Feel free to use the descriptions in this README to implement decompression and compression. I tried to keep them relatively detached from the actual implementation in-game where possible. Consider it to be available to you with a CC0 1.0 Universal public domain dedication.
The C code currently provided was derived from trying to provide a faithful re-creation of what the assembly code was doing, translating idiomatically. It is probably not a "matching decompilation" that can generate the same assembly code when the same compiler is used. No part of the output was copied from any automated decompilation tool (frankly, that would have made it harder).
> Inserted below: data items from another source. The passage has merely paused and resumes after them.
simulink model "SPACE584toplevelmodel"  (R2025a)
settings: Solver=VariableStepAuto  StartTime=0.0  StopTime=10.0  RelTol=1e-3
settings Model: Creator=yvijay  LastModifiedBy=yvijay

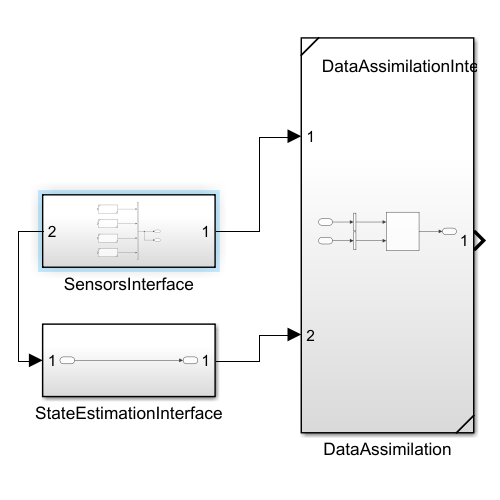
[thumbnail: Simulink's stored preview of the top-level diagram]
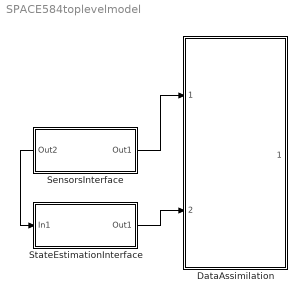
== system SPACE584toplevelmodel ==
  DataAssimilation : Subsystem  ReferencedSubsystem=DataAssimilationInterface
  SensorsInterface : Subsystem
      settings: PortSchema="{\"entries\":[{\"content\":{\"sides\":[{\"content\":{\"connectorIds\":[\"Out2\"]},\"type\":\"ConnectorPlacement.EquallySpacedRectSide\",\"uuid\":\"afeed893-a741-4527-b3e9-9d88bd0ce87b\"},{\"content\":{\"connectorIds\":[\"Out1\"],\"side\":\"RIGHT\"},\"type\":\"ConnectorPlacement.EquallySpacedRectSide\",\"uuid\":\"1d80a1de-1938-47d1-92f9-48b957537d34\"},{\"content\":{\"side\":\"TOP\"},\"type\":\"ConnectorPlacement.EquallySpacedRectSide\",\"uuid\":\"7145ccae-9960-4b20-a017-c2b7aadd2c7e\"}]},\"type\":\"ConnectorPlacement.EquallySpacedConnector\",\"uuid\":\"b07a52c2-799c-4e1c-a041-06c7de6d58f8\"}],\"packageUris\":[\"http://schema.mathworks.com/mf0/Connector/R2020b\"],\"version\":\"1.0\"}"
  StateEstimationInterface : Subsystem
  wires:
  SensorsInterface/1(Out1) -> DataAssimilation/1
  SensorsInterface/2(Out2) -> StateEstimationInterface/1(In1)
  StateEstimationInterface/1(Out1) -> DataAssimilation/2

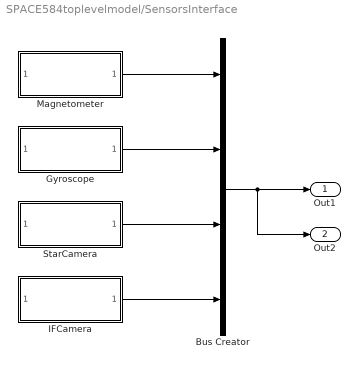
== system SPACE584toplevelmodel/SensorsInterface ==
  Bus Creator : BusCreator  Inputs=4
  Gyroscope : Subsystem  ReferencedSubsystem=Gyroscope
  IFCamera : Subsystem  ReferencedSubsystem=IFCamera
  Magnetometer : Subsystem  ReferencedSubsystem=Magnetometer
  StarCamera : Subsystem  ReferencedSubsystem=StarCamera
  Out1 : Outport
  Out2 : Outport  Port=2
  wires:
  Magnetometer/1 -> Bus Creator/1
  Gyroscope/1 -> Bus Creator/2
  StarCamera/1 -> Bus Creator/3
  IFCamera/1 -> Bus Creator/4
  Bus Creator/1 -> Out2/1, Out1/1

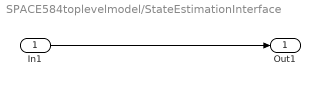
== system SPACE584toplevelmodel/StateEstimationInterface ==
  In1 : Inport
  Out1 : Outport
  wires:
  In1/1 -> Out1/1
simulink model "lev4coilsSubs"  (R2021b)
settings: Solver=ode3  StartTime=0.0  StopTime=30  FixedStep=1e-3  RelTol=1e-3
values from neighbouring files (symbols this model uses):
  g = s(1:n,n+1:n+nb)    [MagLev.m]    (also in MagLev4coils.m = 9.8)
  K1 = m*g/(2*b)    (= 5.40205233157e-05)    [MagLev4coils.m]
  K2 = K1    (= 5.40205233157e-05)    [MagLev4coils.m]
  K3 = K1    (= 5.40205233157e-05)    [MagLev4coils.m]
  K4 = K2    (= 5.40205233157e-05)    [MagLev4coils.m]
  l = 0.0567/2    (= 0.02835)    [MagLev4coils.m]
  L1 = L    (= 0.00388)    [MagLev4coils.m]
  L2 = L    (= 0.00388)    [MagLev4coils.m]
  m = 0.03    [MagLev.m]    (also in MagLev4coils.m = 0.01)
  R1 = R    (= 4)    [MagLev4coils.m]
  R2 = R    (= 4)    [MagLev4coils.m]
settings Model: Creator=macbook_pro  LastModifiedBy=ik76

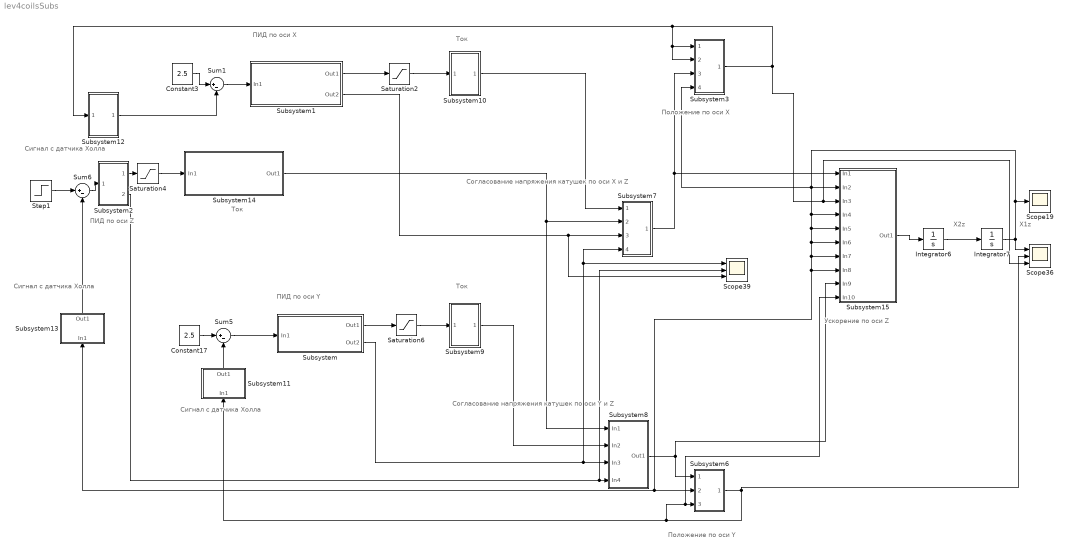
== system lev4coilsSubs ==
  note: Положение по оси X
  note: Согласование напряжения катушек по оси X и Z
  note: Положение по оси Y
  note: Ускорение по оси Z
  note: ПИД по оси Z
  note: Ток
  note: Сигнал с датчика Холла
  note: Согласование напряжения катушек по оси Y и Z
  note: ПИД по оси X
  note: ПИД по оси Y
  note: Сигнал с датчика Холла
  note: Сигнал с датчика Холла
  note: Ток
  note: Ток
  note: X2z
  note: X1z
  Constant17 : Constant  Value=2.5
  Constant3 : Constant  Value=2.5
  Integrator6 : Integrator
  Integrator7 : Integrator  InitialCondition=-0.03
  Saturation2 : Saturate  UpperLimit=5  LowerLimit=-5
  Saturation4 : Saturate  UpperLimit=5  LowerLimit=-5
  Saturation6 : Saturate  UpperLimit=5  LowerLimit=-5
  Scope19 : Scope
  Scope36 : Scope  NumInputPorts=3
  Scope39 : Scope  NumInputPorts=3
  Step1 : Step  Time=0  After=3.5  SampleTime=0
  Subsystem : Subsystem
  Subsystem1 : Subsystem
  Subsystem10 : Subsystem
  Subsystem11 : Subsystem
  Subsystem12 : Subsystem
  Subsystem13 : Subsystem
  Subsystem14 : Subsystem
  Subsystem15 : Subsystem
  Subsystem2 : Subsystem
  Subsystem3 : Subsystem
  Subsystem6 : Subsystem
  Subsystem7 : Subsystem
  Subsystem8 : Subsystem
  Subsystem9 : Subsystem
  Sum1 : Sum  Inputs=|+-
  Sum5 : Sum  Inputs=|+-
  Sum6 : Sum  Inputs=|+-
  wires:
  Integrator6/1 -> Integrator7/1
  Step1/1 -> Sum6/1
  Constant3/1 -> Sum1/1
  Integrator7/1 -> Scope19/1, Subsystem15/4(In4), Subsystem15/5(In5), Subsystem15/6(In6), Subsystem15/7(In7), Subsystem15/8(In8), Subsystem13/1(In1), Subsystem6/2(In2), Subsystem3/4(In4), Subsystem15/2(In2), Scope36/1
  Constant17/1 -> Sum5/1
  Subsystem/2(Out2) -> Scope39/1, Subsystem7/4(In4), Subsystem8/3(In3)
  Sum5/1 -> Subsystem/1(In1)
  Subsystem/1(Out1) -> Saturation6/1
  Subsystem1/2(Out2) -> Scope39/3, Subsystem7/3(In3)
  Sum1/1 -> Subsystem1/1(In1)
  Subsystem1/1(Out1) -> Saturation2/1
  Subsystem2/2(Out2) -> Scope39/2, Subsystem8/4(In4)
  Sum6/1 -> Subsystem2/1(In1)
  Subsystem2/1(Out1) -> Saturation4/1
  Subsystem3/1(Out1) -> Subsystem12/1(In1), Subsystem3/2(In2), Subsystem3/1(In1), Scope36/3, Subsystem15/3(In3)
  Subsystem6/1(Out1) -> Scope36/2, Subsystem6/3(In3), Subsystem15/10(In10), Subsystem11/1(In1)
  Subsystem7/1(Out1) -> Subsystem3/3(In3), Subsystem15/1(In1)
  Subsystem8/1(Out1) -> Subsystem15/9(In9), Subsystem6/1(In1)
  Saturation6/1 -> Subsystem9/1(In1)
  Subsystem9/1(Out1) -> Subsystem8/2(In2)
  Saturation2/1 -> Subsystem10/1(In1)
  Subsystem10/1(Out1) -> Subsystem7/1(In1)
  Subsystem11/1(Out1) -> Sum5/2
  Subsystem12/1(Out1) -> Sum1/2
  Subsystem13/1(Out1) -> Sum6/2
  Subsystem14/1(Out1) -> Subsystem7/2(In2), Subsystem8/1(In1)
  Saturation4/1 -> Subsystem14/1(In1)
  Subsystem15/1(Out1) -> Integrator6/1

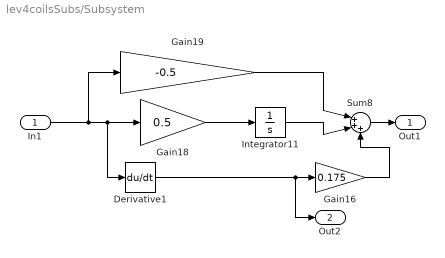
== system lev4coilsSubs/Subsystem ==
  In1 : Inport
  Derivative1 : Derivative
  Gain16 : Gain  Gain=0.175
  Gain18 : Gain  Gain=0.5
  Gain19 : Gain  Gain=-0.5
  Integrator11 : Integrator
  Sum8 : Sum  Inputs=|+++
  Out1 : Outport
  Out2 : Outport  Port=2
  wires:
  Sum8/1 -> Out1/1
  Gain19/1 -> Sum8/1
  In1/1 -> Gain19/1, Derivative1/1, Gain18/1
  Integrator11/1 -> Sum8/2
  Gain18/1 -> Integrator11/1
  Gain16/1 -> Sum8/3
  Derivative1/1 -> Gain16/1, Out2/1

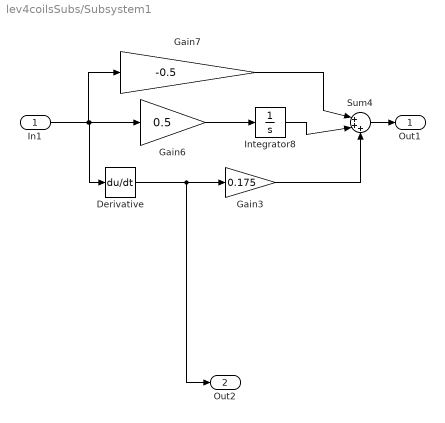
== system lev4coilsSubs/Subsystem1 ==
  In1 : Inport
  Derivative : Derivative
  Gain3 : Gain  Gain=0.175
  Gain6 : Gain  Gain=0.5
  Gain7 : Gain  Gain=-0.5
  Integrator8 : Integrator
  Sum4 : Sum  Inputs=|+++
  Out1 : Outport
  Out2 : Outport  Port=2
  wires:
  Derivative/1 -> Out2/1, Gain3/1
  Gain7/1 -> Sum4/1
  Gain3/1 -> Sum4/3
  In1/1 -> Gain7/1, Gain6/1, Derivative/1
  Sum4/1 -> Out1/1
  Gain6/1 -> Integrator8/1
  Integrator8/1 -> Sum4/2

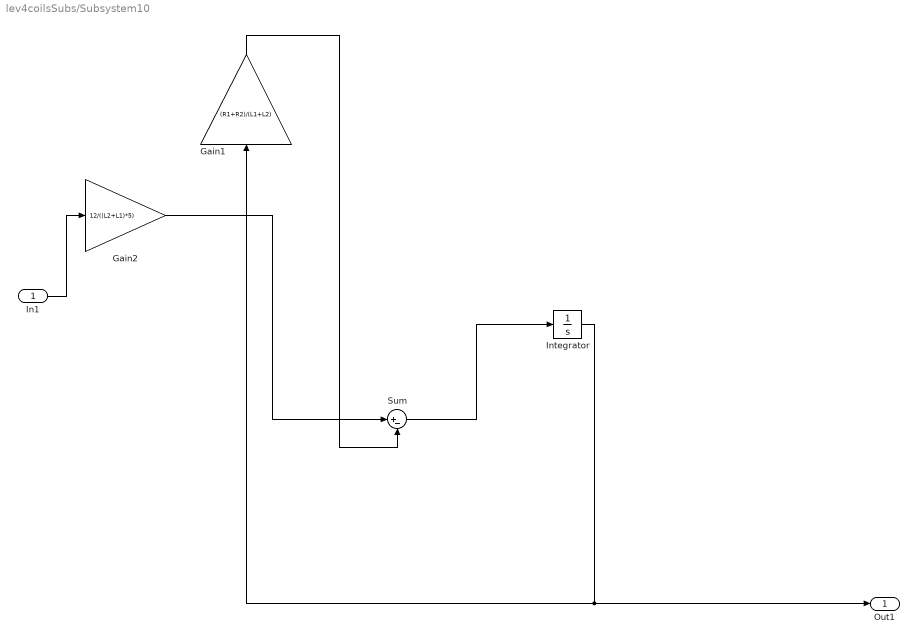
== system lev4coilsSubs/Subsystem10 ==
  In1 : Inport
  Gain1 : Gain  Gain=(R1+R2)/(L1+L2)
  Gain2 : Gain  Gain=12/((L2+L1)*5)
  Integrator : Integrator
  Sum : Sum  Inputs=|+-
  Out1 : Outport
  wires:
  Gain1/1 -> Sum/2
  In1/1 -> Gain2/1
  Gain2/1 -> Sum/1
  Sum/1 -> Integrator/1
  Integrator/1 -> Out1/1, Gain1/1

== system lev4coilsSubs/Subsystem11 ==
  In1 : Inport
  Constant22 : Constant  Value=2.5
  Gain17 : Gain  Gain=5/(l*2)
  Saturation3 : Saturate  UpperLimit=5  LowerLimit=0
  Subtract16 : Sum
  Out1 : Outport
  wires:
  Subtract16/1 -> Saturation3/1
  Gain17/1 -> Subtract16/2
  In1/1 -> Gain17/1
  Constant22/1 -> Subtract16/1
  Saturation3/1 -> Out1/1

== system lev4coilsSubs/Subsystem12 ==
  In1 : Inport
  Constant35 : Constant  Value=2.5
  Gain4 : Gain  Gain=5/(l*2)
  Saturation1 : Saturate  UpperLimit=5  LowerLimit=0
  Subtract27 : Sum
  Out1 : Outport
  wires:
  Constant35/1 -> Subtract27/1
  Subtract27/1 -> Saturation1/1
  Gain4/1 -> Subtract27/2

On the other hand, I've made a best effort to give variables good names and document non-obvious bits of control flow. I hope that the relatively small amount of code provided (two functions), and my creative input to choosing variable and function names and comments, makes the code in this repository qualify as "fair use" of Chunsoft's assembly code under US law, and copyrightable as well.
Thus, to the extent permissible by law, any software in this repository is licensed under the MIT license.